#### Data for processing:
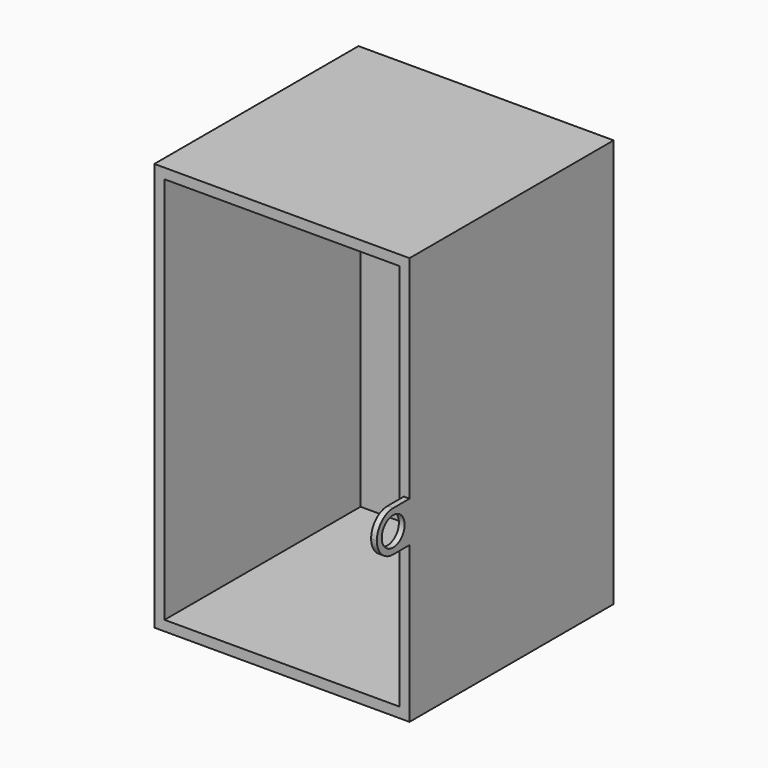
from build123d import *

# Parameters (mm, degrees)
F0_W     = 79.375
F0_H     = 127
F1_DEPTH = 3.175
F2_W     = 73.025
F2_H     = 3.175
F3_DEPTH = 76.2
F4_W     = 1.778
F4_H     = 12.7
F5_DEPTH = 12.7
F6_R     = 6.35
F7_R     = 6.34999
F8_R     = 4.445
F9_DEPTH = 25.4


# Not quite as in the source:
# - a fillet or chamfer is up to 0.001 mm smaller than in the source, because OpenCascade refuses the exact size


with BuildPart() as f1:
    # F0 (on Front) → F1 (new body)
    with BuildSketch(Plane.XZ):
        with Locations((-10.1727880716, 3.2072235078)):
            Rectangle(F0_W, F0_H)
    extrude(amount=F1_DEPTH)

    # F2 (on face) → F3 (join)
    with BuildSketch(Plane.XZ.offset(3.175)):
        Polygon((-46.6852880716, 63.5322235078), (-46.6852880716, 66.7072235078), (-49.8602880716, 66.7072235078), (-49.8602880716, -60.2927764922), (-46.6852880716, -60.2927764922), (-46.6852880716, -57.1177764922), align=None)
        with Locations((-10.1727880716, 65.1197235078)):
            Rectangle(F2_W, F2_H)
        Polygon((29.5147119284, 66.7072235078), (26.3397119284, 66.7072235078), (26.3397119284, 63.5322235078), (26.3397119284, -57.1177764922), (26.3397119284, -60.2927764922), (29.5147119284, -60.2927764922), align=None)
        with Locations((-10.1727880716, -58.7052764922)):
            Rectangle(F2_W, F2_H)
    extrude(amount=F3_DEPTH)

    # F4 (on face) → F5 (join)
    with BuildSketch(Plane.XZ.offset(79.375)):
        with Locations((28.6257119284, -5.5081006922)):
            Rectangle(F4_W, F4_H)
    extrude(amount=F5_DEPTH)

    # F6
    f6_edges = [f1.edges().sort_by_distance(p)[0] for p in [
        (28.625712, -92.075, 0.841899),
    ]]
    fillet(f6_edges, radius=F6_R)

    # F7 (radius 6.35 in the source; OpenCascade refuses exactly that, so slightly less here)
    f7_edges = [f1.edges().sort_by_distance(p)[0] for p in [
        (28.625712, -92.075, -11.858101),
    ]]
    fillet(f7_edges, radius=F7_R)

    # F8 (on face) → F9 (cut)
    with BuildSketch(Plane.YZ.offset(29.5147119284)):
        with Locations((-85.725, -5.5081006922)):
            Circle(F8_R)
    extrude(amount=-F9_DEPTH, mode=Mode.SUBTRACT)


solid = f1.part

#### What to produce:
If a line of the entries above includes the word "refuses", count it; then state the total and nothing else.

#### Result below:
2